Problem description => Pick out all lines of the entries that include the word "sides" and copy them.

Extracted material =>
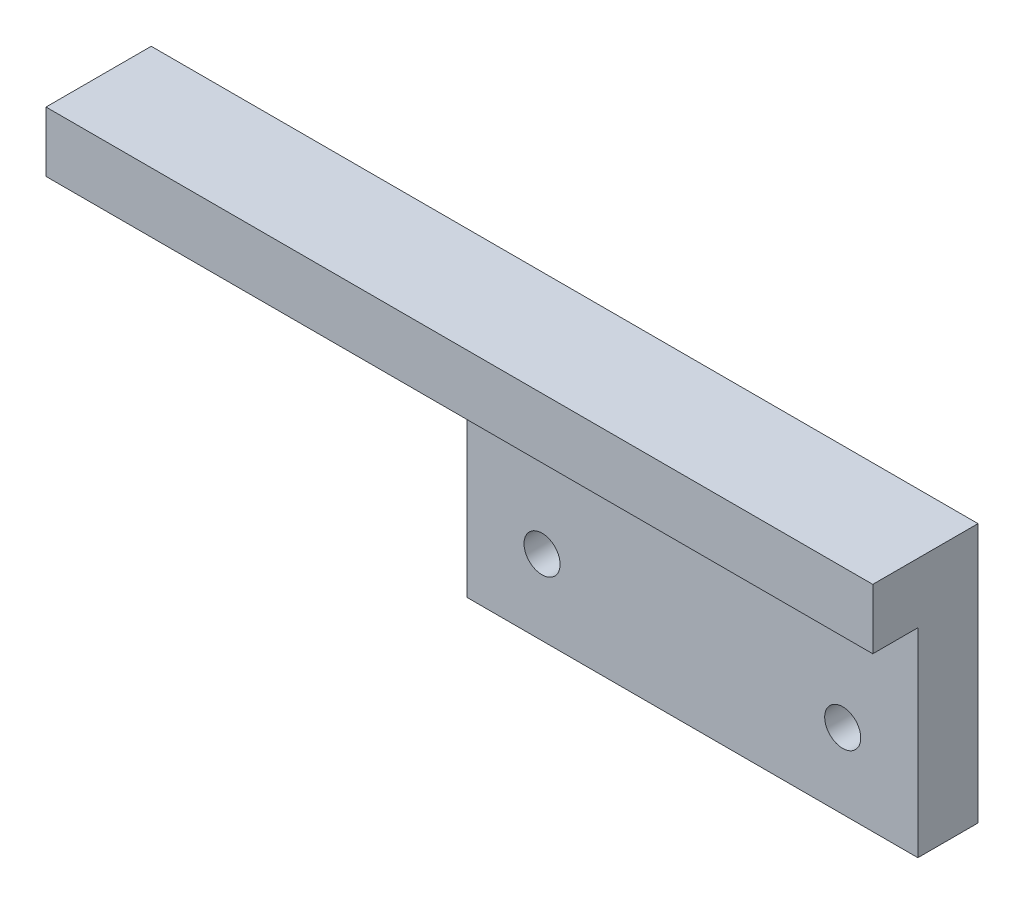
from build123d import *

# Parameters (mm, degrees)
SKETCH_1_W                   = 60
SKETCH_1_H                   = 26.5
EXTRUDE_1_DEPTH              = 8
EXTRUDE_2_DEPTH              = 6
EXTRUDE_2_DEPTH_BACK         = 8
SKETCH_2_W                   = 60
SKETCH_2_H                   = 8
HOLE_WIZARD_M4_1_D           = 4.8
HOLE_WIZARD_M4_1_DEPTH       = 10.1
HOLE_WIZARD_M4_1_CBORE_D     = 8
HOLE_WIZARD_M4_1_CBORE_DEPTH = 4
HOLE_WIZARD_M4_1_TIP         = 1.442065486
SKETCH_7_W                   = 14
SKETCH_7_H                   = 8
EXTRUDE_3_DEPTH              = 50


with BuildPart() as part:
    # 스케치1 → 보스-돌출1 (new body)
    with BuildSketch(Plane.XY):
        Rectangle(SKETCH_1_W, SKETCH_1_H)
    extrude(amount=EXTRUDE_1_DEPTH)

    # 스케치2 → 보스-돌출2 (add, two sides: drawn at the far end of the back side and taken through both)
    with BuildSketch(Plane.XY.offset(8).offset(-EXTRUDE_2_DEPTH_BACK)):
        with Locations((0, 17.25)):
            Rectangle(SKETCH_2_W, SKETCH_2_H)
    extrude(amount=EXTRUDE_2_DEPTH + EXTRUDE_2_DEPTH_BACK)

    # M4 소켓 머리 캡 나사용 카운터보어1
    with Locations(Plane(origin=(0, 0, 0), x_dir=(-1, 0, 0), z_dir=(0, 0, -1))):
        with Locations((-20, -3.25), (20, -3.25)):
            CounterBoreHole(HOLE_WIZARD_M4_1_D / 2, HOLE_WIZARD_M4_1_CBORE_D / 2, HOLE_WIZARD_M4_1_CBORE_DEPTH, depth=HOLE_WIZARD_M4_1_DEPTH)
            with Locations((0, 0, -(HOLE_WIZARD_M4_1_DEPTH + HOLE_WIZARD_M4_1_TIP / 2))):  # 118° drill point
                Cone(0, HOLE_WIZARD_M4_1_D / 2, HOLE_WIZARD_M4_1_TIP, mode=Mode.SUBTRACT)

    # 스케치7 → 보스-돌출3 (add)
    with BuildSketch(Plane.ZY.offset(30)):
        with Locations((7, 17.25)):
            Rectangle(SKETCH_7_W, SKETCH_7_H)
    extrude(amount=EXTRUDE_3_DEPTH)


solid = part.part
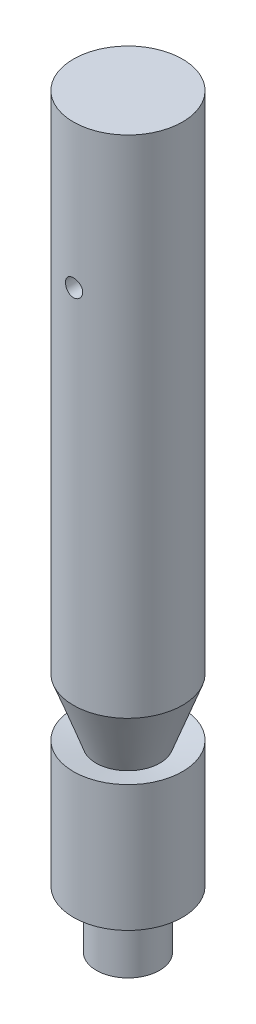
from build123d import *

# Parameters (mm, degrees)
CROQUIS1_R                 = 9.5
SALIENTE_EXTRUIR1_DEPTH    = 120
CROQUIS3_R                 = 5.5
SALIENTE_EXTRUIR2_DEPTH    = 10
CROQUIS4_R                 = 2.5
CORTAR_EXTRUIR1_DEPTH      = 110
CORTAR_EXTRUIR2_DEPTH      = 110
CORTAR_EXTRUIR2_DEPTH_BACK = 110
CROQUIS5_R                 = 1.5


with BuildPart() as part:
    # Croquis1 → Saliente-Extruir1 (new body)
    with BuildSketch(Plane(origin=(0, 0, 0), x_dir=(1, 0, 0), z_dir=(0, 1, 0))):
        Circle(CROQUIS1_R)
    extrude(amount=SALIENTE_EXTRUIR1_DEPTH)

    # Croquis2 → Cortar-Revolución1 (revolve, cut)
    with BuildSketch(Plane.XY):
        Polygon((-9.5, 22), (-9.5, 32), (-5.560768988, 21.305407289), align=None)
    revolve(axis=Axis((0, 120, 0), (0, -1, 0)), mode=Mode.SUBTRACT)

    # Croquis3 → Saliente-Extruir2 (add)
    with BuildSketch(Plane.XZ):
        Circle(CROQUIS3_R)
    extrude(amount=SALIENTE_EXTRUIR2_DEPTH)

    # Croquis4 → Cortar-Extruir1 (cut)
    with BuildSketch(Plane.XZ.offset(10)):
        Circle(CROQUIS4_R)
    extrude(amount=-CORTAR_EXTRUIR1_DEPTH, mode=Mode.SUBTRACT)

    # Croquis5 → Cortar-Extruir2 (cut, two sides: drawn at the far end of the back side and taken through both)
    with BuildSketch(Plane.XY.offset(-CORTAR_EXTRUIR2_DEPTH_BACK)):
        with Locations((0, 95)):
            Circle(CROQUIS5_R)
    extrude(amount=CORTAR_EXTRUIR2_DEPTH + CORTAR_EXTRUIR2_DEPTH_BACK, mode=Mode.SUBTRACT)


solid = part.part
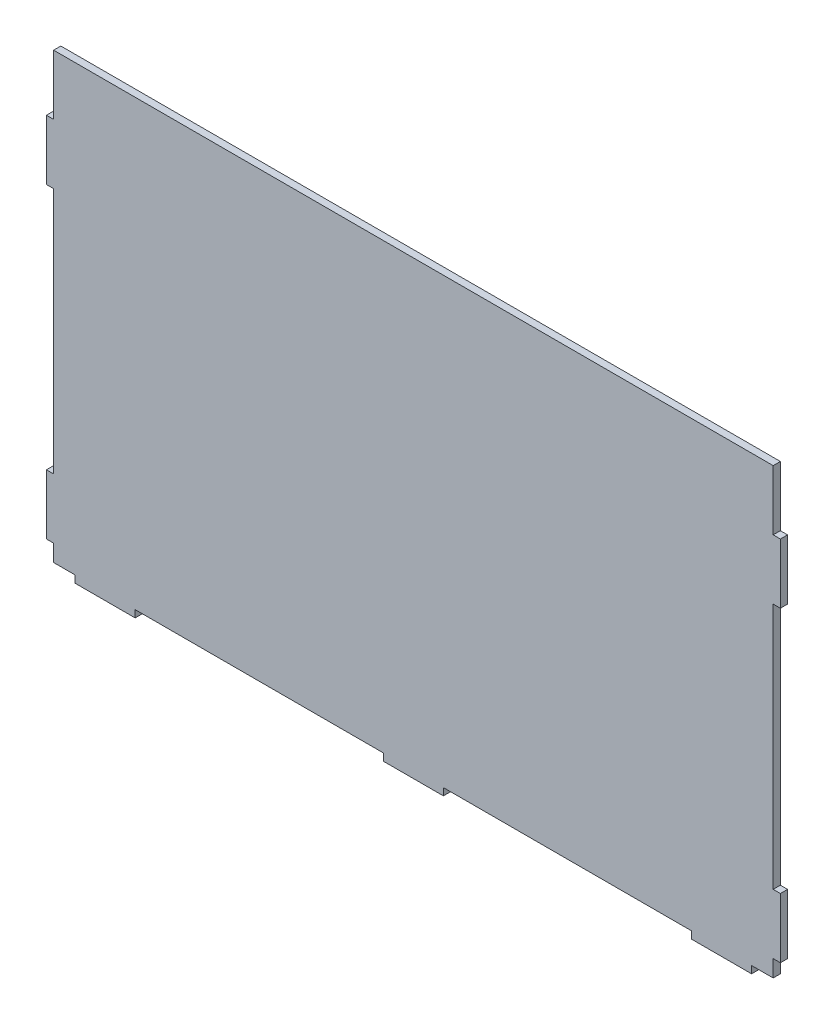
from build123d import *

# Parameters (mm, degrees)
BOSS_EXTRUDE1_DEPTH = 6


with BuildPart() as part:
    # Sketch1 → Boss-Extrude1 (new body)
    with BuildSketch(Plane.XY):
        Polygon((128.964597002, -1027.102908622), (128.964597002, -1021.102908622), (146.964597002, -1021.102908622), (146.964597002, -1007.102908622), (152.964597002, -1007.102908622), (152.964597002, -957.102908622), (146.964597002, -957.102908622), (146.964597002, -751.102908622), (152.964597002, -751.102908622), (152.964597002, -701.102908622), (146.964597002, -701.102908622), (146.964597002, -651.102908622), (-453.035402998, -651.102908622), (-453.035402998, -701.102908622), (-459.035402998, -701.102908622), (-459.035402998, -751.102908622), (-453.035402998, -751.102908622), (-453.035402998, -957.102908622), (-459.035402998, -957.102908622), (-459.035402998, -1007.102908622), (-453.035402998, -1007.102908622), (-453.035402998, -1021.102908622), (-435.035402998, -1021.102908622), (-435.035402998, -1027.102908622), (-385.035402998, -1027.102908622), (-385.035402998, -1021.102908622), (-178.035402998, -1021.102908622), (-178.035402998, -1027.102908622), (-128.035402998, -1027.102908622), (-128.035402998, -1021.102908622), (78.964597002, -1021.102908622), (78.964597002, -1027.102908622), align=None)
    extrude(amount=BOSS_EXTRUDE1_DEPTH)


solid = part.part
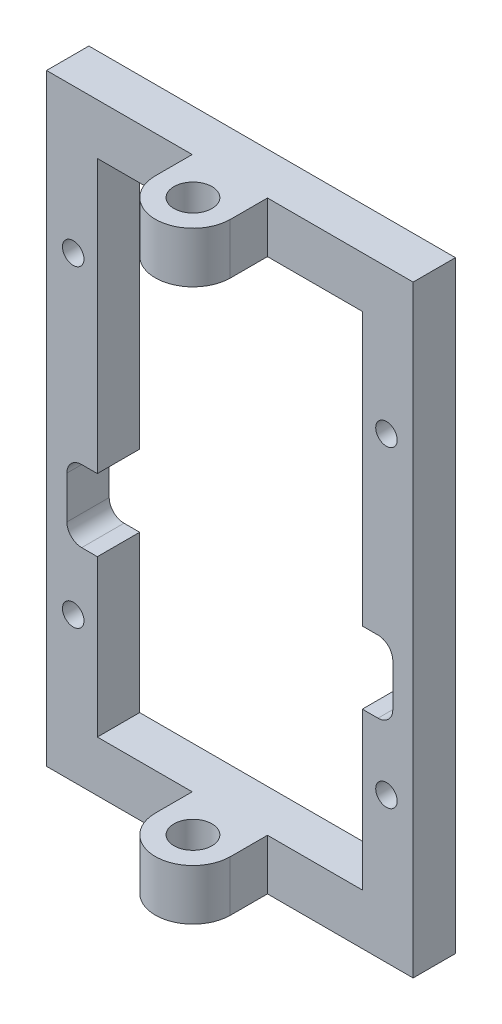
from build123d import *

# Parameters (mm, degrees)
SKETCH2_W               = 43.3
SKETCH2_H               = 71.19
SKETCH2_W_2             = 31.3
SKETCH2_H_2             = 59.19
BOSS_EXTRUDE1_DEPTH     = 5
SKETCH3_W               = 8.89
SKETCH3_H               = 6
BOSS_EXTRUDE2_DEPTH     = 8.8
CUT_EXTRUDE1_DEPTH      = 76.678124977
CUT_EXTRUDE1_DEPTH_BACK = 76.678124977
SKETCH5_R               = 2.2479
SKETCH6_R               = 1.75
SKETCH6_R_2             = 1.27
CUT_EXTRUDE2_DEPTH      = 5


with BuildPart() as part:
    # Sketch2 → Boss-Extrude1 (new body)
    with BuildSketch(Plane.XY):
        Rectangle(SKETCH2_W, SKETCH2_H)
        Rectangle(SKETCH2_W_2, SKETCH2_H_2, mode=Mode.SUBTRACT)
    extrude(amount=BOSS_EXTRUDE1_DEPTH)

    # Sketch3 → Boss-Extrude2 (add)
    with BuildSketch(Plane.XY.offset(5)):
        with Locations((0, 32.595)):
            Rectangle(SKETCH3_W, SKETCH3_H)
        with Locations((0, -32.595)):
            Rectangle(SKETCH3_W, SKETCH3_H)
    extrude(amount=BOSS_EXTRUDE2_DEPTH)

    # Sketch5 → Cut-Extrude1 (cut, two sides: drawn at the far end of the back side and taken through both)
    with BuildSketch(Plane(origin=(0, 35.595, 0), x_dir=(1, 0, 0), z_dir=(0, 1, 0)).offset(-CUT_EXTRUDE1_DEPTH_BACK)):
        with BuildLine():
            Line((-4.445, -13.8), (-2.8e-08, -13.8))
            ThreePointArc((-2.8e-08, -13.8), (-3.127220221, -12.513973022), (-4.445, -9.4))
            Line((-4.445, -9.4), (-4.445, -13.8))
        make_face()
        with BuildLine():
            Line((4.445, -13.8), (4.445, -9.4))
            ThreePointArc((4.445, -9.4), (3.127220202, -12.513973041), (-2.8e-08, -13.8))
            Line((-2.8e-08, -13.8), (4.445, -13.8))
        make_face()
        with Locations(Location((0, -9.354769886, 0), (0, 0, 90))):
            Circle(SKETCH5_R)
    extrude(amount=CUT_EXTRUDE1_DEPTH + CUT_EXTRUDE1_DEPTH_BACK, mode=Mode.SUBTRACT)

    # Sketch6 → Cut-Extrude2 (cut)
    with BuildSketch(Plane(origin=(0, 0, 0), x_dir=(-1, 0, 0), z_dir=(0, 0, -1))):
        with BuildLine():
            Line((-15.65, -2.589888065), (-17.5, -2.589888065))
            ThreePointArc((-17.5, -2.589888065), (-16.262563133, -3.102451197), (-15.75, -4.339888065))
            ThreePointArc((-15.75, -4.339888065), (-17.5, -6.089888065), (-19.25, -4.339888065))
            Line((-19.25, -4.339888065), (-19.25, -9.339888065))
            ThreePointArc((-19.25, -9.339888065), (-17.5, -7.589888065), (-15.75, -9.339888065))
            ThreePointArc((-15.75, -9.339888065), (-16.262563133, -10.577324932), (-17.5, -11.089888065))
            Line((-17.5, -11.089888065), (-15.65, -11.089888065))
            Line((-15.65, -11.089888065), (-15.65, -2.589888065))
        make_face()
        with Locations((-17.5, -4.339888065)):
            Circle(SKETCH6_R)
        with Locations((-17.5, -9.339888065)):
            Circle(SKETCH6_R)
        with Locations((17.5, -9.395)):
            Circle(SKETCH6_R)
        with BuildLine():
            ThreePointArc((19.25, -4.395), (16.262563133, -5.632436867), (17.5, -2.645))
            Line((17.5, -2.645), (15.65, -2.645))
            Line((15.65, -2.645), (15.65, -11.145))
            Line((15.65, -11.145), (17.5, -11.145))
            ThreePointArc((17.5, -11.145), (16.262563133, -8.157563133), (19.25, -9.395))
            Line((19.25, -9.395), (19.25, -4.395))
        make_face()
        with Locations((17.5, -4.395)):
            Circle(SKETCH6_R)
        with Locations((-18.5, 18.49499991)):
            Circle(SKETCH6_R_2)
        with Locations((18.5, 18.495)):
            Circle(SKETCH6_R_2)
        with Locations((18.5, -18.495)):
            Circle(SKETCH6_R_2)
        with Locations((-18.49999995, -18.439888065)):
            Circle(SKETCH6_R_2)
    extrude(amount=-CUT_EXTRUDE2_DEPTH, mode=Mode.SUBTRACT)


solid = part.part

Exercise response =>
    # 스케치2 → 보스-돌출2 (add, two sides: drawn at the far end of the back side and taken through both)
    # Croquis5 → Cortar-Extruir2 (cut, two sides: drawn at the far end of the back side and taken through both)
    # Sketch5 → Cut-Extrude1 (cut, two sides: drawn at the far end of the back side and taken through both)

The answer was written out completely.